### What you have to do
In the records that follow, the lines from the one containing "color=color, linetype=linetype, lineweight=lineweight)" to the one containing "for name, color, linetype in", inclusive, are to be given again exactly.

Dataset records
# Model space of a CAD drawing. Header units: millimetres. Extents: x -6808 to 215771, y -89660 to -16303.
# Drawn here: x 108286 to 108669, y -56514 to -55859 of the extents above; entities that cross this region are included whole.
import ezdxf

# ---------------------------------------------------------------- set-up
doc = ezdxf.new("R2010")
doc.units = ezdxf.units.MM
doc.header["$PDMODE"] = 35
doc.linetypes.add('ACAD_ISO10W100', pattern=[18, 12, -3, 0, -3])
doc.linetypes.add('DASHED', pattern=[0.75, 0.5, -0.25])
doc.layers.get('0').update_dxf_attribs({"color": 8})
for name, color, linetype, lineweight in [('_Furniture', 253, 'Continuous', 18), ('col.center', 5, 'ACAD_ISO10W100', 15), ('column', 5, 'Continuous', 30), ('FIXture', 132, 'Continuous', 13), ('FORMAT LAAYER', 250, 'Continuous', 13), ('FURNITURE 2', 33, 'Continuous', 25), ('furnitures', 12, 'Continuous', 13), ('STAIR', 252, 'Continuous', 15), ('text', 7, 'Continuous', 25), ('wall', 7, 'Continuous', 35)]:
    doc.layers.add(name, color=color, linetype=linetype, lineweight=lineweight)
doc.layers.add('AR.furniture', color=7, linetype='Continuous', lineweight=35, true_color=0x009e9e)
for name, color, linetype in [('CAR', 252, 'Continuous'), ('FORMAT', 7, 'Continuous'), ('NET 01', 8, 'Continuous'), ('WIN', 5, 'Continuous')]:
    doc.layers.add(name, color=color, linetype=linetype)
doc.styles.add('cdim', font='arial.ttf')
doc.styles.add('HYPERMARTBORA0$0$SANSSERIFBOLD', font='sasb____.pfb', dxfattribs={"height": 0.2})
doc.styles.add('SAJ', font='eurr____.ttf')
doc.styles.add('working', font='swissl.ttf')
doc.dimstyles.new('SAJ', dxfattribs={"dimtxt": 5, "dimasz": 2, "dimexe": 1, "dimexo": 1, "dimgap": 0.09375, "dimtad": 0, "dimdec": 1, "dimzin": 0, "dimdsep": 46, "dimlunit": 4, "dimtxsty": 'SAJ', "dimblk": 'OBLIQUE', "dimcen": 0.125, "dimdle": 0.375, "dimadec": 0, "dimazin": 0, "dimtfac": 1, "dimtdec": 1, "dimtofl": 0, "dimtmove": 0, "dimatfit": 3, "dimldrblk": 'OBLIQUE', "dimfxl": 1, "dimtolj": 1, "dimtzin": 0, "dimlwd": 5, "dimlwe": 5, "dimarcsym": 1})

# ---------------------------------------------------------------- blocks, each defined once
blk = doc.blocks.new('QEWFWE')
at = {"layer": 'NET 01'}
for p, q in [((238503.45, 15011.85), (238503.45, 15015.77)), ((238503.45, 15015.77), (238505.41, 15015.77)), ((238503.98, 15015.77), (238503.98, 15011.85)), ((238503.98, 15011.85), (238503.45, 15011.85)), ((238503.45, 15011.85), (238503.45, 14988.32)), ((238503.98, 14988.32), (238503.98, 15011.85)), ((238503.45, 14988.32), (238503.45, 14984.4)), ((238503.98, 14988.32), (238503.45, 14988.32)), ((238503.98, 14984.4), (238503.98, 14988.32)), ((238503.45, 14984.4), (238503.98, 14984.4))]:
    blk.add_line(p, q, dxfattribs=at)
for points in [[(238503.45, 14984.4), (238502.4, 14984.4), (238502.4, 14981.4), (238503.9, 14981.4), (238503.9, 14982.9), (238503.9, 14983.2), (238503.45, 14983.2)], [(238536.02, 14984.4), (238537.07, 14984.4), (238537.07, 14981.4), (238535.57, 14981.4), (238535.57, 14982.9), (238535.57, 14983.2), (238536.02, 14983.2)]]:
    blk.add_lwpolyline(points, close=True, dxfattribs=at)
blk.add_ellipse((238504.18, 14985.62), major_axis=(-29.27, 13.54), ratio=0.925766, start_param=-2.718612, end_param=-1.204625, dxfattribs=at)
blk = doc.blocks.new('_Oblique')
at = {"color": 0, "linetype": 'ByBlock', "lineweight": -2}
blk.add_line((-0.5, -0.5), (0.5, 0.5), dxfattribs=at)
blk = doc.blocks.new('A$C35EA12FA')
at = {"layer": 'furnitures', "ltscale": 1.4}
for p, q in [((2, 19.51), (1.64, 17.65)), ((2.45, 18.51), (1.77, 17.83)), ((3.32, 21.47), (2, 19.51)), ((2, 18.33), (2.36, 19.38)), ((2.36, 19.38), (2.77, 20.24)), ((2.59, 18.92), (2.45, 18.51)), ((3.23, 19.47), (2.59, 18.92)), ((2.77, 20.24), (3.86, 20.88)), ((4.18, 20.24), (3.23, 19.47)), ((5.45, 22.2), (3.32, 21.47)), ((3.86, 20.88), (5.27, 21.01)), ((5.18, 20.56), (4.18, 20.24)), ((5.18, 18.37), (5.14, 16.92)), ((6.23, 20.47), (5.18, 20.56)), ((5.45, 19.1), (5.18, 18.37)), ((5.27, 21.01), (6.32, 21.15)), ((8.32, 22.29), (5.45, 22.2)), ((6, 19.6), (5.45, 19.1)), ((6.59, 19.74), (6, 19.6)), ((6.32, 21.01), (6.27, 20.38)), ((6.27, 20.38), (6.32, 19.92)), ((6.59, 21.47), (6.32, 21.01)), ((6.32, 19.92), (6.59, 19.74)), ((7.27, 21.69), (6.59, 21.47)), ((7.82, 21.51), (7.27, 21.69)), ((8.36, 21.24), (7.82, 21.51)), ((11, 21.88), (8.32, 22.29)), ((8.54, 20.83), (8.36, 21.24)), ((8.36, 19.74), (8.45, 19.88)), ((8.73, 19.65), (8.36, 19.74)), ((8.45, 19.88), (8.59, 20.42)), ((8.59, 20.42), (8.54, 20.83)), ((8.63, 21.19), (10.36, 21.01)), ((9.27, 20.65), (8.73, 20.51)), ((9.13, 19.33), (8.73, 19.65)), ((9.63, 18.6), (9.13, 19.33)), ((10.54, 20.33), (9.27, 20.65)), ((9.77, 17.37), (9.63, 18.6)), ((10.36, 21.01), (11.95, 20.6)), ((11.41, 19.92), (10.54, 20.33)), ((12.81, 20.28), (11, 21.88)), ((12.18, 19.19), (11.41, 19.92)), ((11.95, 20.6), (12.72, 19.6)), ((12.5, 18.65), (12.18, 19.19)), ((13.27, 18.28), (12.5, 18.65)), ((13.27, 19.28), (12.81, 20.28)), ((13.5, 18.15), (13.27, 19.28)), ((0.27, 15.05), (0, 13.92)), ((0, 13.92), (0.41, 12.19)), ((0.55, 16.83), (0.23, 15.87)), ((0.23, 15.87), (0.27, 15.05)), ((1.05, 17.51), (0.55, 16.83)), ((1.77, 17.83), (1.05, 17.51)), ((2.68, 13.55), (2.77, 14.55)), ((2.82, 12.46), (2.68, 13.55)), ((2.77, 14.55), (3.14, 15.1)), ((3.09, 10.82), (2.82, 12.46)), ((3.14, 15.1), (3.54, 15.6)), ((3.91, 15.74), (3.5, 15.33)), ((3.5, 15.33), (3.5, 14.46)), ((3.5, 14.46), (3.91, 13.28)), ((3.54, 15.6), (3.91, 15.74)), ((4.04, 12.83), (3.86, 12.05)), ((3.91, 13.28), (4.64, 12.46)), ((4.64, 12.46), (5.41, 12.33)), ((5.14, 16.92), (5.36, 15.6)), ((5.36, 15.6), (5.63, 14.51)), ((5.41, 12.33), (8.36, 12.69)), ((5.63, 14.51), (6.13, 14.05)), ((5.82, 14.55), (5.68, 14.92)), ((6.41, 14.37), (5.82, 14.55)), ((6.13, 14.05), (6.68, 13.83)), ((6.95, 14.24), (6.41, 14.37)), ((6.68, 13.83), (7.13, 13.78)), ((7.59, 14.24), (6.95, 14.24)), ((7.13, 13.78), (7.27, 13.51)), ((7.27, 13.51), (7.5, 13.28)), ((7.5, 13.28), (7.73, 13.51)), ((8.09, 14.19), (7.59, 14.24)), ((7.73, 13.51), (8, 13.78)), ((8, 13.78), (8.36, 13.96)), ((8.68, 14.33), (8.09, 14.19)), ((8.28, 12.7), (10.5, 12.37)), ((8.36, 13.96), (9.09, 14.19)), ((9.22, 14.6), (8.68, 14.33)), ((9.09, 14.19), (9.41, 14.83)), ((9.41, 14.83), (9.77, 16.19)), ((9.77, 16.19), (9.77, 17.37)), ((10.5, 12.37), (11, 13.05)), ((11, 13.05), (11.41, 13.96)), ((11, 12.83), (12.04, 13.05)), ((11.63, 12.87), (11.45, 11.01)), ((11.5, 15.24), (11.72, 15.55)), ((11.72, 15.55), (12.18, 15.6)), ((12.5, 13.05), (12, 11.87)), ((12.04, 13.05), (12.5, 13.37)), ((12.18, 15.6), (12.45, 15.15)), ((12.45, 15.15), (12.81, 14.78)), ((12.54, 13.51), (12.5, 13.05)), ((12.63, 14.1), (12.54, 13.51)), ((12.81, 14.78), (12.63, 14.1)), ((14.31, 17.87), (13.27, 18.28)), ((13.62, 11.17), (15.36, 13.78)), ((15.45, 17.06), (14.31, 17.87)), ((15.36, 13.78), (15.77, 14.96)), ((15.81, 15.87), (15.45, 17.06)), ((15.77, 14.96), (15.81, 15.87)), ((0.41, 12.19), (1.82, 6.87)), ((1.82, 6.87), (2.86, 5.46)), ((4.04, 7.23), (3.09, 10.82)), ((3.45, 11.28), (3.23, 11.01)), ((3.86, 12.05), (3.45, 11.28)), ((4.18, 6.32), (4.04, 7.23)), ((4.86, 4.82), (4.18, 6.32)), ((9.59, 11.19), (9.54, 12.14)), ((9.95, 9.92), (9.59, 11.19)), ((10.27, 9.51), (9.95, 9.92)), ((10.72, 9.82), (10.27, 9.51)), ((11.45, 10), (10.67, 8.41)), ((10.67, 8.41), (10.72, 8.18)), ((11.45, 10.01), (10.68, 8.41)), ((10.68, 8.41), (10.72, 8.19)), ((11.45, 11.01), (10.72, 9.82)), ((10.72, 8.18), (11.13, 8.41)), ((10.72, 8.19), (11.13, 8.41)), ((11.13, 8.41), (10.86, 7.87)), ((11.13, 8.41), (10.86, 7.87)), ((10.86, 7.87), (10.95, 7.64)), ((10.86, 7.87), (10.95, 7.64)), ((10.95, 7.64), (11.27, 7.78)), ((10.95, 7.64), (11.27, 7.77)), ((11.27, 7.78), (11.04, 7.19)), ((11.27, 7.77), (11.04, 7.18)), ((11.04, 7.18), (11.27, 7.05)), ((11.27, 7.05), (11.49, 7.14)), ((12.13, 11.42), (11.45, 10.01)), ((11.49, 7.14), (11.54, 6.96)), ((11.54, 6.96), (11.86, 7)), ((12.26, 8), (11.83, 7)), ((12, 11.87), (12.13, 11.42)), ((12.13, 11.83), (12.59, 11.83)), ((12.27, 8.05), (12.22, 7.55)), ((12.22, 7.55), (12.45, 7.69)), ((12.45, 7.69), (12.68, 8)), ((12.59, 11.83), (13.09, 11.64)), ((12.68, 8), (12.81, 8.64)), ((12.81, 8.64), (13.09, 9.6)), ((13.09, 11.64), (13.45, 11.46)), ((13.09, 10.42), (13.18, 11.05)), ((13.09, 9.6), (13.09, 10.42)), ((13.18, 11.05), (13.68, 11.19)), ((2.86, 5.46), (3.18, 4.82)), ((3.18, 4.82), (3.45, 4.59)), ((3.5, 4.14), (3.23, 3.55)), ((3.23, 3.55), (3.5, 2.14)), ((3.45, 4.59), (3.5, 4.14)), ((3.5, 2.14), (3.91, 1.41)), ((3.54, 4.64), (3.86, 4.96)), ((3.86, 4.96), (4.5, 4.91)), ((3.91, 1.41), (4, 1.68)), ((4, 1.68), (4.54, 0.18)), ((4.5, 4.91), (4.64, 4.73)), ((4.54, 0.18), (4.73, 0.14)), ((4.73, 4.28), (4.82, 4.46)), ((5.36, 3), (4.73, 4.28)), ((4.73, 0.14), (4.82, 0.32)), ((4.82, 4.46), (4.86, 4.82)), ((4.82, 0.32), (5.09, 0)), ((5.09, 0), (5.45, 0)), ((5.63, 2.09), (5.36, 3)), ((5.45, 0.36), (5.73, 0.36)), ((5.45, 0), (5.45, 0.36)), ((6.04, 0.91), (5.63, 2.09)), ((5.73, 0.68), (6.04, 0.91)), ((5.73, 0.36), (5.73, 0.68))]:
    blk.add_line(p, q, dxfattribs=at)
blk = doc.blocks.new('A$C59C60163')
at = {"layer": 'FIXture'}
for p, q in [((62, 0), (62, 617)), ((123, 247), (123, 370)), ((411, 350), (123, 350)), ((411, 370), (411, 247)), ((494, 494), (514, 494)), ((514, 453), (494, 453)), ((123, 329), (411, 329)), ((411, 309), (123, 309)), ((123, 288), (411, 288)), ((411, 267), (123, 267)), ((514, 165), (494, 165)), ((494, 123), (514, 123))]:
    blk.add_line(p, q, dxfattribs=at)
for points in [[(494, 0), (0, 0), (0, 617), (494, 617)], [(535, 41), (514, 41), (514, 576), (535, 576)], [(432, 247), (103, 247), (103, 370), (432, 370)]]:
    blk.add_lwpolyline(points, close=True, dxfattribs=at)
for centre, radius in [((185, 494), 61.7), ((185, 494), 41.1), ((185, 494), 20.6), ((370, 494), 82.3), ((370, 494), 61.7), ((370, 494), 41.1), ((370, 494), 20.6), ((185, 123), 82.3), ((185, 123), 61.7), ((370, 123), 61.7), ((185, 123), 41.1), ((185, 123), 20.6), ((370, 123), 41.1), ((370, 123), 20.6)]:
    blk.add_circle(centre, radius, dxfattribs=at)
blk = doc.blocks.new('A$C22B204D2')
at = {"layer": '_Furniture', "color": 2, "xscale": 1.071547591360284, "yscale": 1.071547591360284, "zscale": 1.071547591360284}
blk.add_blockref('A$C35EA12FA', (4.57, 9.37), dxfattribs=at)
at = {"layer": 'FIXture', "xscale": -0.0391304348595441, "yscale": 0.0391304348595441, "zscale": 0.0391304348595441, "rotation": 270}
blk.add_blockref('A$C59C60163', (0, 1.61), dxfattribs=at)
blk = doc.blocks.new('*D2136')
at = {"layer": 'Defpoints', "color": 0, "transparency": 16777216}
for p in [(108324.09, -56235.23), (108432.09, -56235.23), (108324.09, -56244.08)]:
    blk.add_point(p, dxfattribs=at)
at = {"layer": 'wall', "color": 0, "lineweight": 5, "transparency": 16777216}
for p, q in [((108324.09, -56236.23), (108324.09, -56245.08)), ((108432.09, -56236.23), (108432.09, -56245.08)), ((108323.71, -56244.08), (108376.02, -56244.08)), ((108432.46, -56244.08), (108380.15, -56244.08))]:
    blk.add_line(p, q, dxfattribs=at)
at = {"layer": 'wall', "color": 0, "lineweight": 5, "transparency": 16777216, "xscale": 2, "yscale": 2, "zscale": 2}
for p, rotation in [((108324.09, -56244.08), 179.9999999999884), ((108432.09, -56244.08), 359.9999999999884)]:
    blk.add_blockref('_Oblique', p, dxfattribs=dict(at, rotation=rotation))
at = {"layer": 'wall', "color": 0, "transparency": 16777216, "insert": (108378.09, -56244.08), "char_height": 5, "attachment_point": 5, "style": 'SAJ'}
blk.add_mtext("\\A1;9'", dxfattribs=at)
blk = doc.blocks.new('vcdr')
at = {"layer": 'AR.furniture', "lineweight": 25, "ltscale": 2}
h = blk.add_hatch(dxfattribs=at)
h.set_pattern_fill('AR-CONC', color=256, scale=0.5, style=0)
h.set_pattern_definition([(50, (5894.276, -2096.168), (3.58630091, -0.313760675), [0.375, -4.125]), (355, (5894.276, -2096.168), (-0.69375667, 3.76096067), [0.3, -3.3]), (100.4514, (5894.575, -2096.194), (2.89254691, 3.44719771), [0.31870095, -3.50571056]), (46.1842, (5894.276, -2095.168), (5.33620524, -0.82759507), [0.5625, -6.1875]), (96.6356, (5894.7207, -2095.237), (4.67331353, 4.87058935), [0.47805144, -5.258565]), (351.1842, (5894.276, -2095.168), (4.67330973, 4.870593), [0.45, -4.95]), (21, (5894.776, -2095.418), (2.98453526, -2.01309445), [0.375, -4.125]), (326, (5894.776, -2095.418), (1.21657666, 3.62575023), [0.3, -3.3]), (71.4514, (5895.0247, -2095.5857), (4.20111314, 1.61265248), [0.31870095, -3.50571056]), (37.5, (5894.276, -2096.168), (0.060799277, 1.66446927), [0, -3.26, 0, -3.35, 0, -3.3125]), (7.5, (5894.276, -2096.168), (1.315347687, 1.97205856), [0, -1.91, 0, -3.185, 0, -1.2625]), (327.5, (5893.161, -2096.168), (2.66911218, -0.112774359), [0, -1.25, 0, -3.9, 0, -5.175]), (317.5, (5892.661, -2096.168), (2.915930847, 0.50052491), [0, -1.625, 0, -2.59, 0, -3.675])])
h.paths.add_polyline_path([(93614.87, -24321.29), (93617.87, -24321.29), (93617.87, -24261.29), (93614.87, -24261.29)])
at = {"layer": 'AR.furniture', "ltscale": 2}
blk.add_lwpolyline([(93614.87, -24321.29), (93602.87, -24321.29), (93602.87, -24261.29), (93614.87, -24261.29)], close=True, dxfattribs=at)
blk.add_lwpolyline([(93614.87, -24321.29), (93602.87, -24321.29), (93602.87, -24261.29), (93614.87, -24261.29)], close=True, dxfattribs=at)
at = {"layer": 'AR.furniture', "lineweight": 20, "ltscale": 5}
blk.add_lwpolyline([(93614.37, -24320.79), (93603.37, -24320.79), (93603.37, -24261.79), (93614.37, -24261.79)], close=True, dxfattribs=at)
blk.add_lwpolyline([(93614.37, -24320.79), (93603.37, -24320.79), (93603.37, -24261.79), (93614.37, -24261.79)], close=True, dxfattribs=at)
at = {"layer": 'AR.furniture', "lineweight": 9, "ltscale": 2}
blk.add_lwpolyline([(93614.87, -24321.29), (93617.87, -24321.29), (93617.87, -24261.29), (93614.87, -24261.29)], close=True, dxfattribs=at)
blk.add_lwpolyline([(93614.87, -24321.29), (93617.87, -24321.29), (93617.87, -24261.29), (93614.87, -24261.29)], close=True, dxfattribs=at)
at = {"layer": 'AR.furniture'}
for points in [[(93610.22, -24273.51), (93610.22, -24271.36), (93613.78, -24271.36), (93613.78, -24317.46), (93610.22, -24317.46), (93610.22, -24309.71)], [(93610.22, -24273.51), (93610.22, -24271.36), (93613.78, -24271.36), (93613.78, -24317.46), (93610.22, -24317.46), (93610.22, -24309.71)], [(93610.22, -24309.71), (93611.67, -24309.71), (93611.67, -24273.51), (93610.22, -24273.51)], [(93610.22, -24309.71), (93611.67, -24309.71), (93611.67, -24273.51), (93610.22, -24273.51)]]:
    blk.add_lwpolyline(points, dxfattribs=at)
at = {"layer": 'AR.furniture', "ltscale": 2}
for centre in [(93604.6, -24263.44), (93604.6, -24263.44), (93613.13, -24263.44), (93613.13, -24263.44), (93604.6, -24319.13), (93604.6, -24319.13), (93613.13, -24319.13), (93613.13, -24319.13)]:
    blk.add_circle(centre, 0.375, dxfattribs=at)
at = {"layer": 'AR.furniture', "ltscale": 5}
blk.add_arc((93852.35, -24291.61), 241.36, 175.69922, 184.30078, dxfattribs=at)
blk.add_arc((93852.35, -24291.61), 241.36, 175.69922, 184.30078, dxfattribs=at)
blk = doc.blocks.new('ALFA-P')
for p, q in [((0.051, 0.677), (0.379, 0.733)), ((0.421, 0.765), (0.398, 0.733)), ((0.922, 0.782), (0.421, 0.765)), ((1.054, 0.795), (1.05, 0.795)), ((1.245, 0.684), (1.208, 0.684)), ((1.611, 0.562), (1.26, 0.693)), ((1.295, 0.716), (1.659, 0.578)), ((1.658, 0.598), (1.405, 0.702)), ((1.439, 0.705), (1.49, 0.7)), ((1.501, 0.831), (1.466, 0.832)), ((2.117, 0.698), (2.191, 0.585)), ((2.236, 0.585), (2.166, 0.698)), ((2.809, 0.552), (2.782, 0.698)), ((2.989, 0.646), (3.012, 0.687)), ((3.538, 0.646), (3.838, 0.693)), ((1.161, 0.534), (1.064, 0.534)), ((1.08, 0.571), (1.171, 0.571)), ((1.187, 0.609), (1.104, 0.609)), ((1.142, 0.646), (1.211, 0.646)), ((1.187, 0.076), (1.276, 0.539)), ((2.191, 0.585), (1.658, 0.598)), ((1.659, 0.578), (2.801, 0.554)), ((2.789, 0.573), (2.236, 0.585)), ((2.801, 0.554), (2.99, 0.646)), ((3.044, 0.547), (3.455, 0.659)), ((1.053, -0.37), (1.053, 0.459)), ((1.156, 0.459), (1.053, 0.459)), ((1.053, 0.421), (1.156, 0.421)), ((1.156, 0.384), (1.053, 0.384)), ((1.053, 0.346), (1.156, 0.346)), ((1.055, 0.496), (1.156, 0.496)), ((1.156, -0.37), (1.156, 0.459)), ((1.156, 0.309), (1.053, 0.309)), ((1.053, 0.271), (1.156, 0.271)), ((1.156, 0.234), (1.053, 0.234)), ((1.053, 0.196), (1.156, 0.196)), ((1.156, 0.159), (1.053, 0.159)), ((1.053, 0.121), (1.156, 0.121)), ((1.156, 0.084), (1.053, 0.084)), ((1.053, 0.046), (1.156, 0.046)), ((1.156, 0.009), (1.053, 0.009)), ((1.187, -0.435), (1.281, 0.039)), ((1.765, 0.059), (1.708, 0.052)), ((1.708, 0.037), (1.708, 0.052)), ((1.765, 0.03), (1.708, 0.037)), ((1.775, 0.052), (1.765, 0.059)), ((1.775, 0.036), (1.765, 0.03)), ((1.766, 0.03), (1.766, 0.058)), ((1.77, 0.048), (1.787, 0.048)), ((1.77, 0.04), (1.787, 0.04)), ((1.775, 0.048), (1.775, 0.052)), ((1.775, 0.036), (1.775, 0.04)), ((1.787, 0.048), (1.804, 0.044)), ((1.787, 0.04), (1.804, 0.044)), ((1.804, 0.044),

### Expected answer
    doc.layers.add(name, color=color, linetype=linetype, lineweight=lineweight)
doc.layers.add('AR.furniture', color=7, linetype='Continuous', lineweight=35, true_color=0x009e9e)
for name, color, linetype in [('CAR', 252, 'Continuous'), ('FORMAT', 7, 'Continuous'), ('NET 01', 8, 'Continuous'), ('WIN', 5, 'Continuous')]:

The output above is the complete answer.